I don't feed Solid Gold but I did feed Eukanuba when Tink was a puppy and it stunk way worse on Eukanuba than on anything else I have fed.


----------



## Thalie (Jan 20, 2008)

I've never fed Hunden&Flocken to a pup but I've fed it to my 9 months Golden (coming form Eukanuba Large Breed Puppy) and was happy with the results. I would say it is an overall brand I feel comfortable with even though I've switched to something else. I did not notice a change in odor though... poop very much smells like poop.
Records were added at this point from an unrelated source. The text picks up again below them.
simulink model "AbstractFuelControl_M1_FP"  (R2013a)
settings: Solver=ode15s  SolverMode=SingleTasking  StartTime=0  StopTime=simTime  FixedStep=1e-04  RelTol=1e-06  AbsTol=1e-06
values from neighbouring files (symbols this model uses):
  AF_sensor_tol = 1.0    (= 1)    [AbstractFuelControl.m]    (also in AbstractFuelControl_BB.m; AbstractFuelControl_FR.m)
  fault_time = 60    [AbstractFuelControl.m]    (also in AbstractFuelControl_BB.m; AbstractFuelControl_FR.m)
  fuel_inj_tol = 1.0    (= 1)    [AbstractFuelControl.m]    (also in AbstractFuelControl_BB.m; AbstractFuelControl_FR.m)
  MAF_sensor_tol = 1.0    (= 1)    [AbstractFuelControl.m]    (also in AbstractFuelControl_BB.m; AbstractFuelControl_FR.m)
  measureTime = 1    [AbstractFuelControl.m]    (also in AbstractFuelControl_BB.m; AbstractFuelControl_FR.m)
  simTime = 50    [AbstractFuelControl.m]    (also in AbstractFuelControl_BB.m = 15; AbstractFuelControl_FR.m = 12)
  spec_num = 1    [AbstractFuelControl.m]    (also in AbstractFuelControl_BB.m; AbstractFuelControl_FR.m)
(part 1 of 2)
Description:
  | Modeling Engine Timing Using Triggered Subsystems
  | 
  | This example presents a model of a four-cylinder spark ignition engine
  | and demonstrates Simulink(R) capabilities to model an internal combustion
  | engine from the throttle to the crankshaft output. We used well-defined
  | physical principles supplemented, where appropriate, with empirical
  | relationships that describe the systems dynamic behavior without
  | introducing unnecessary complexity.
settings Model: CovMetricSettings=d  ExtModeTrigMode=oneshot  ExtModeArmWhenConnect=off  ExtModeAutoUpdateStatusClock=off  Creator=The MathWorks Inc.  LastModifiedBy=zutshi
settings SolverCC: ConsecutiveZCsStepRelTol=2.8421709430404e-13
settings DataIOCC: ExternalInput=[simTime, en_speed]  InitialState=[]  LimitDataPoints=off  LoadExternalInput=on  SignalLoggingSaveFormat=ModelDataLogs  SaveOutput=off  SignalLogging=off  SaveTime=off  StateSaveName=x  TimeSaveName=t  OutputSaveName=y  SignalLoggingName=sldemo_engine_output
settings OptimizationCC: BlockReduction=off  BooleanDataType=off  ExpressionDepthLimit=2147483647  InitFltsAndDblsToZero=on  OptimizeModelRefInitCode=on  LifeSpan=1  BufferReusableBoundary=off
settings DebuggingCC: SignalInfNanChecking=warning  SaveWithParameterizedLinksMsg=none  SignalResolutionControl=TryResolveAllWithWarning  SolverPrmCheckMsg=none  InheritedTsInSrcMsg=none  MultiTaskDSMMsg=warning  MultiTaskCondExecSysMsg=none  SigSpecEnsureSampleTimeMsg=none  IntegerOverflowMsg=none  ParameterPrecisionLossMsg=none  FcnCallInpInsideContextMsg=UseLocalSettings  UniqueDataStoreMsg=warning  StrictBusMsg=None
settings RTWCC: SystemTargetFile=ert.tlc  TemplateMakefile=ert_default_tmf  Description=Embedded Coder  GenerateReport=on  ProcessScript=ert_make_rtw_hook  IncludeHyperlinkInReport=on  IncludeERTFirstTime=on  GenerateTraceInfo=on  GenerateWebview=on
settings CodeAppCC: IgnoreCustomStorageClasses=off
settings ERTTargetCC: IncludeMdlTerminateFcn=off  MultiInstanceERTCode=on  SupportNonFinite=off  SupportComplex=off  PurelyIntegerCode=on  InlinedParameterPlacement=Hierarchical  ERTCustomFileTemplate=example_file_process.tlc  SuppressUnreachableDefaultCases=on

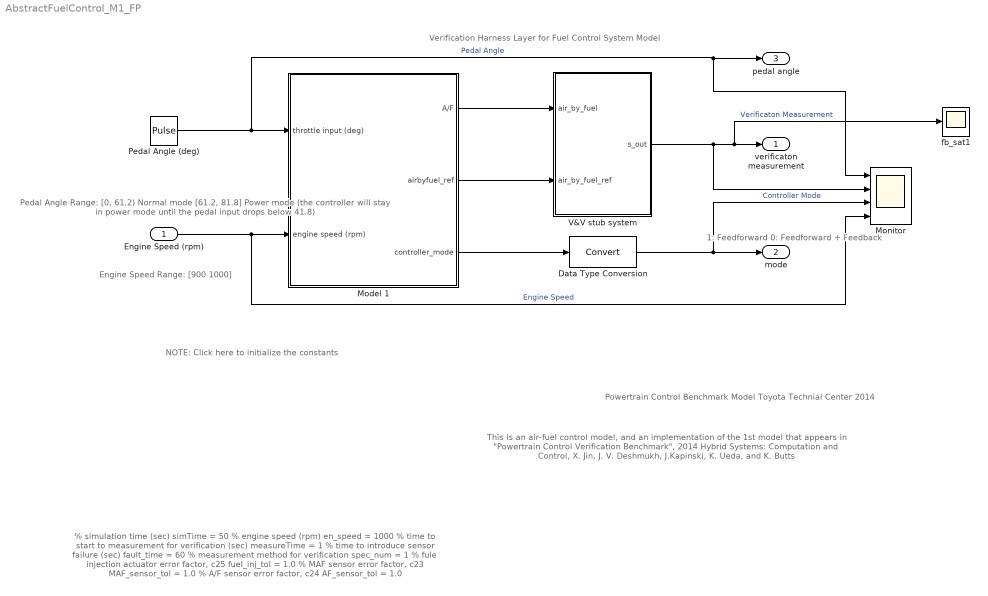
== system AbstractFuelControl_M1_FP ==
  note: 1: Feedforward
      | 0: Feedforward + Feedback
  note: NOTE: Click here to initialize the constants
  note: Pedal Angle Range:
      | [0, 61.2) Normal mode
      | [61.2, 81.8] Power mode (the controller will
      |                    stay in power mode until the pedal
      |                    input drops below 41.8)
  note: This is an air-fuel control model, and an implementation of the 1st model that appears in
      | "Powertrain Control Verification Benchmark", 2014 Hybrid Systems: Computation and Control,
      | X. Jin, J. V. Deshmukh, J.Kapinski, K. Ueda, and K. Butts
  note: % simulation time (sec)
      |     simTime = 50
      | % engine speed (rpm)
      |     en_speed = 1000
      | % time to start to measurement for verification (sec)
      |     measureTime = 1
      | % time to introduce sensor failure (sec)
      |     fault_time = 60
      | % measurement method for verification
      |     spec_num = 1
      | % fule injection actuator error factor, c25
      |     fuel_inj_tol = 1.0
      | % MAF sensor error factor, c23
      |     MAF_sensor_tol = 1.0
      | % A/F sensor error factor, c24
      |     AF_sensor_tol = 1.0
  note: Engine Speed Range:
      | [900 1000]
  note: Powertrain Control Benchmark Model
      | Toyota Technial Center
      | 2014
  note: Verification Harness Layer for Fuel Control System Model
  Engine Speed (rpm) : Inport
  Data Type Conversion : DataTypeConversion
  Model 1 : Subsystem  Priority=1  TreatAsAtomicUnit=on
  "Monitor " : Scope  NumInputPorts=4
      settings: TimeRange=30  YMin=0~-0.15~0~1000  YMax=65~0.175~1~1000
  Pedal Angle (deg) : DiscretePulseGenerator  PulseType=Time based  Amplitude=62  Period=5  PulseWidth=50
  V&V stub system : Subsystem  TreatAsAtomicUnit=on
  fb_sat1 : Scope
      settings: TimeRange=50  YMin=-0.9999  YMax=-0.999899  SaveName=ScopeData26
  verificaton measurement : Outport
  mode : Outport  Port=2
  pedal angle : Outport  Port=3
  wires:
  V&V stub system/1("s_out ") -> "Monitor "/2, fb_sat1/1, verificaton measurement/1  "Verificaton Measurement"
  Model 1/1(A/F) -> V&V stub system/1("air_by_fuel ")
  Engine Speed (rpm)/1 -> "Monitor "/4, Model 1/2(engine speed (rpm))  "Engine Speed"
  Pedal Angle (deg)/1 -> "Monitor "/1, pedal angle/1, Model 1/1(throttle input (deg))  "Pedal Angle"
  Model 1/3(controller_mode) -> Data Type Conversion/1
  Data Type Conversion/1 -> "Monitor "/3, mode/1  "Controller Mode"
  Model 1/2(airbyfuel_ref) -> V&V stub system/2(air_by_fuel_ref)

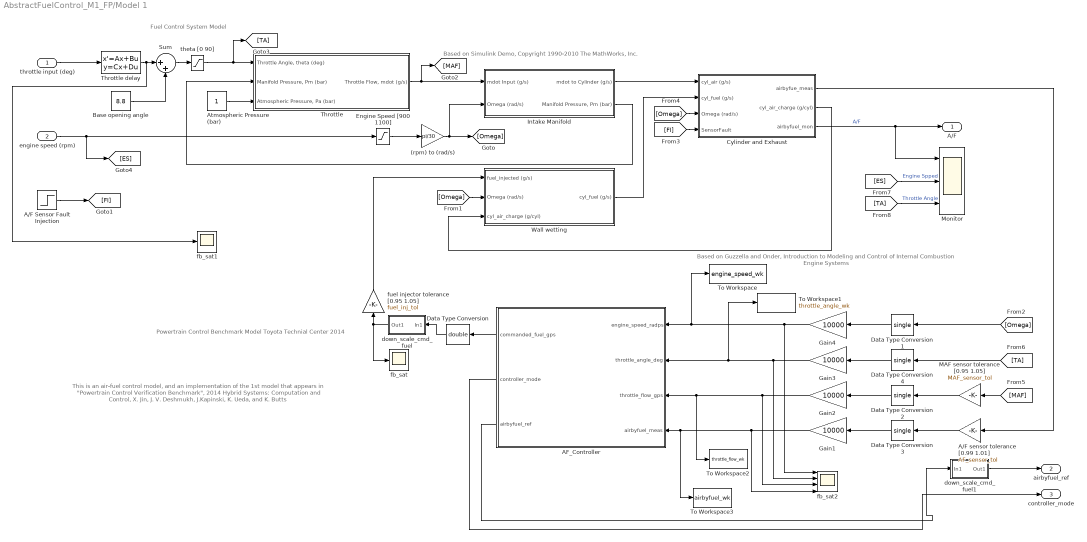
== system AbstractFuelControl_M1_FP/Model 1 ==
  note: Based on Simulink Demo, Copyright 1990-2010 The MathWorks, Inc.
  note: Based on Guzzella and Onder, Introduction to Modeling and Control of Internal Combustion Engine Systems
  note: Fuel Control System Model
  note: This is an air-fuel control model, and an implementation of the 1st model that appears in
      | "Powertrain Control Verification Benchmark", 2014 Hybrid Systems: Computation and Control,
      | X. Jin, J. V. Deshmukh, J.Kapinski, K. Ueda, and K. Butts
  note: Powertrain Control Benchmark Model
      | Toyota Technial Center
      | 2014
  throttle input (deg) : Inport  Description=[0, 81.2]
      settings: AttributesFormatString=%<Description>
  engine speed (rpm) : Inport  Description=[900,1100]  Port=2
      settings: AttributesFormatString=%<Description>
  (rpm) to (rad/s) : Gain  Gain=pi/30
  A/F Sensor Fault Injection : Step  Time=fault_time  SampleTime=0
      settings: AttributesFormatString=1: Failure\n0: Normal
  A/F sensor tolerance [0.99 1.01] : Gain  Gain=AF_sensor_tol
  AF_Controller : Subsystem  TreatAsAtomicUnit=on  SystemSampleTime=0.01
  Atmospheric Pressure (bar) : Constant
  Base opening angle : Constant  Value=8.8
  Cylinder and Exhaust : Subsystem
  Data Type Conversion : DataTypeConversion  OutDataTypeStr=double
  Data Type Conversion{1..4} (4 alike) : DataTypeConversion  OutDataTypeStr=single
  Engine Speed [900 1100] : Saturate  UpperLimit=1100  LowerLimit=900
  Gain1 : Gain  Gain=10000  ParamDataTypeStr=int32  OutDataTypeStr=Inherit: Inherit via back propagation  RndMeth=Simplest  SaturateOnIntegerOverflow=on
      settings: AttributesFormatString=up_scale
  Gain2 : Gain  Gain=10000  ParamDataTypeStr=int32  OutDataTypeStr=int32  RndMeth=Simplest  SaturateOnIntegerOverflow=on
      settings: AttributesFormatString=up_scale
  Gain3 : Gain  Gain=10000  ParamDataTypeStr=int32  OutDataTypeStr=int32  RndMeth=Simplest  SaturateOnIntegerOverflow=on
      settings: AttributesFormatString=up_scale
  Gain4 : Gain  Gain=10000  ParamDataTypeStr=int32  OutDataTypeStr=int32  RndMeth=Simplest  SaturateOnIntegerOverflow=on
      settings: AttributesFormatString=up_scale
  Intake Manifold : Subsystem
  MAF sensor tolerance [0.95 1.05] : Gain  Gain=MAF_sensor_tol
  Monitor : Scope  NumInputPorts=3
      settings: TimeRange=85  YMin=11.75~49.7419~5  YMax=14.75~54.9779~60
  Sum : Sum  Inputs=|++
  Throttle : Subsystem
  Throttle delay : StateSpace  A=-10  C=10  D=0
  To Workspace : ToWorkspace  VariableName=engine_speed_wk  SampleTime=0.01  SaveFormat=Timeseries
  To Workspace1 : ToWorkspace  VariableName=throttle_angle_wk  SampleTime=0.01  SaveFormat=Timeseries
  To Workspace2 : ToWorkspace  VariableName=throttle_flow_wk  SampleTime=0.01  SaveFormat=Timeseries
  To Workspace3 : ToWorkspace  VariableName=airbyfuel_wk  SampleTime=0.01  SaveFormat=Timeseries
  Wall wetting : Subsystem
  down_scale_cmd_fuel : Subsystem
      settings: AttributesFormatString=%<MemberBlocks>
  down_scale_cmd_fuel1 : Subsystem
      settings: AttributesFormatString=%<MemberBlocks>
  fb_sat : Scope
      settings: TimeRange=50  YMin=0.3725  YMax=0.43  SaveName=ScopeData12
  fb_sat1 : Scope
      settings: TimeRange=50  YMin=0.3725  YMax=0.43  SaveName=ScopeData22
  fb_sat2 : Scope  NumInputPorts=4
      settings: TimeRange=0.01302246191310628  YMin=1047196~0~49866.13136574067~0  YMax=1047198~200000~63254.64409722215~200000  SaveName=ScopeData25
  fuel injector tolerance [0.95 1.05] : Gain  Gain=fuel_inj_tol
  theta [0 90] : Saturate  UpperLimit=90  LowerLimit=0
  A/F : Outport
  airbyfuel_ref : Outport  Port=2
  controller_mode : Outport  Port=3
  wires:
  (rpm) to (rad/s)/1 -> [Omega], Intake Manifold/2(Omega (rad/s))
  Data Type Conversion/1 -> down_scale_cmd_fuel/1(In1)
  theta [0 90]/1 -> Throttle/1("Throttle Angle, theta (deg)"), [TA]
  Engine Speed [900 1100]/1 -> (rpm) to (rad/s)/1
  Cylinder and Exhaust/3("airbyfuel_mon ") -> A/F/1, Monitor/1  "A/F"
  Data Type Conversion2/1 -> Gain2/1
  Data Type Conversion3/1 -> Gain1/1
  A/F sensor tolerance [0.99 1.01]/1 -> Data Type Conversion3/1
  [MAF] -> MAF sensor tolerance [0.95 1.05]/1
  Cylinder and Exhaust/1(airbyfue_meas) -> A/F sensor tolerance [0.99 1.01]/1
  Throttle/1("Throttle Flow, mdot (g/s)") -> [MAF], Intake Manifold/1(mdot Input (g/s))
  Intake Manifold/2("Manifold Pressure, Pm (bar)") -> Throttle/2("Manifold Pressure, Pm (bar)")
  Atmospheric Pressure (bar)/1 -> Throttle/3("Atmospheric Pressure, Pa (bar) ")
  Wall wetting/1(cyl_fuel (g/s)) -> Cylinder and Exhaust/2(cyl_fuel (g/s))
  Intake Manifold/1(mdot to Cylinder (g/s)) -> Cylinder and Exhaust/1(cyl_air (g/s))
  [Omega] -> Cylinder and Exhaust/3(Omega (rad/s))
  [Omega] -> Wall wetting/2(Omega (rad/s))
  Cylinder and Exhaust/2(cyl_air_charge (g/cyl)) -> Wall wetting/3(cyl_air_charge (g/cyl))
  [Omega] -> Data Type Conversion1/1
  fuel injector tolerance [0.95 1.05]/1 -> Wall wetting/1(fuel_injected (g/s))
  MAF sensor tolerance [0.95 1.05]/1 -> Data Type Conversion2/1
  Data Type Conversion1/1 -> Gain4/1
  A/F Sensor Fault Injection/1 -> [FI]
  [FI] -> Cylinder and Exhaust/4(SensorFault)
  [TA] -> Data Type Conversion4/1
  Data Type Conversion4/1 -> Gain3/1
  engine speed (rpm)/1 -> [ES], Engine Speed [900 1100]/1
  [TA] -> Monitor/3  "Throttle Angle"
  Base opening angle/1 -> Sum/2
  Sum/1 -> theta [0 90]/1
  AF_Controller/2(controller_mode) -> controller_mode/1
  AF_Controller/3(airbyfuel_ref) -> down_scale_cmd_fuel1/1(In1)
  [ES] -> Monitor/2  "Engine Spped"
  throttle input (deg)/1 -> Throttle delay/1
  Throttle delay/1 -> fb_sat1/1, Sum/1
  AF_Controller/1(commanded_fuel_gps) -> Data Type Conversion/1
  down_scale_cmd_fuel/1(Out1) -> fb_sat/1, fuel injector tolerance [0.95 1.05]/1
  Gain1/1 -> fb_sat2/4, To Workspace3/1, AF_Controller/4(airbyfuel_meas)
  Gain2/1 -> fb_sat2/3, AF_Controller/3(throttle_flow_gps), To Workspace2/1
  Gain3/1 -> fb_sat2/2, To Workspace1/1, AF_Controller/2(throttle_angle_deg)
  Gain4/1 -> To Workspace/1, AF_Controller/1(engine_speed_radps), fb_sat2/1
  down_scale_cmd_fuel1/1(Out1) -> airbyfuel_ref/1

== system AbstractFuelControl_M1_FP/V&V stub system ==
  "air_by_fuel " : Inport  OutDataTypeStr=double
  air_by_fuel_ref : Inport  Port=2
  Calcuate Error : Subsystem  Priority=20  TreatAsAtomicUnit=on
  Constant : Constant  Value=0.5
  Data Type Conversion : DataTypeConversion  OutDataTypeStr=double
  MeasureOn : Step  Time=measureTime  SampleTime=0
  Relational Operator : RelationalOperator  Operator=>  OutDataTypeStr=boolean
  spec_num : Constant  Value=spec_num  OutDataTypeStr=uint8
  "s_out " : Outport
  wires:
  Calcuate Error/1("s_out ") -> "s_out "/1
  MeasureOn/1 -> Relational Operator/1
  Constant/1 -> Relational Operator/2
  Relational Operator/1 -> Calcuate Error/Enable
  spec_num/1 -> Calcuate Error/2(spec_num)
  "air_by_fuel "/1 -> Calcuate Error/1("air_by_fuel ")
  air_by_fuel_ref/1 -> Data Type Conversion/1
  Data Type Conversion/1 -> Calcuate Error/3(air_by_fuel_ref)

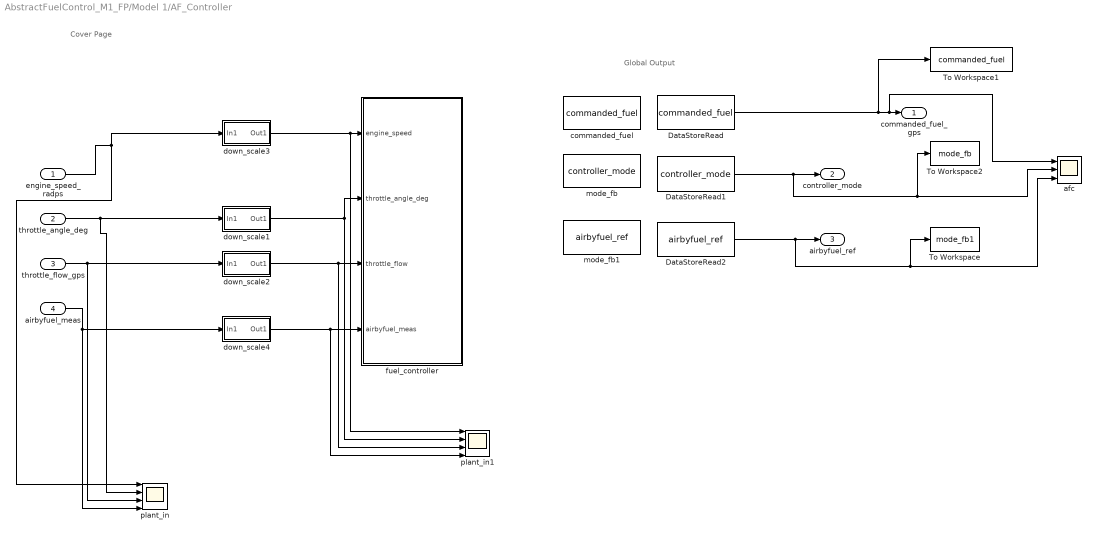
== system AbstractFuelControl_M1_FP/Model 1/AF_Controller ==
  note: Global Output
  note: Cover Page
  engine_speed_radps : Inport
  throttle_angle_deg : Inport  Port=2
  throttle_flow_gps : Inport  Port=3
  airbyfuel_meas : Inport  Port=4
  DataStoreRead : DataStoreRead  Priority=2  DataStoreName=commanded_fuel
  DataStoreRead1 : DataStoreRead  Priority=2  DataStoreName=controller_mode
  DataStoreRead2 : DataStoreRead  Priority=2  DataStoreName=airbyfuel_ref
  To Workspace : ToWorkspace  VariableName=mode_fb1  SampleTime=-1  SaveFormat=Timeseries
  To Workspace1 : ToWorkspace  VariableName=commanded_fuel  SampleTime=-1  SaveFormat=Timeseries
  To Workspace2 : ToWorkspace  VariableName=mode_fb  SampleTime=-1  SaveFormat=Timeseries
  afc : Scope  NumInputPorts=3
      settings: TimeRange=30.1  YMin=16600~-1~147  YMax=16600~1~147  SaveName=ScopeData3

Canned food can produce looser stools from my experience. Do not forget to transition on several days. Good luck with your trying out foods and I hope that the poop issues resolve soon.


----------



## jaireen (Feb 25, 2008)

yeah, even their urine stinks so bad....i wonder though if their stool is also firm on solid gold the same way in eukanuba?....everytime dulce mia's stool becomes a little soft, it drives me nuts...coz my previous pup always had a soft stool to runny stool and am kinda worried that dulce would go down the same path as my previous pup who went to the bridge....i know...am paranoid...just dotn wanna lose another pup again this time....


----------



## Gussie (Feb 15, 2008)

Yes, a bit stinkey - might be the Salmon/Bison of the Wolf cub.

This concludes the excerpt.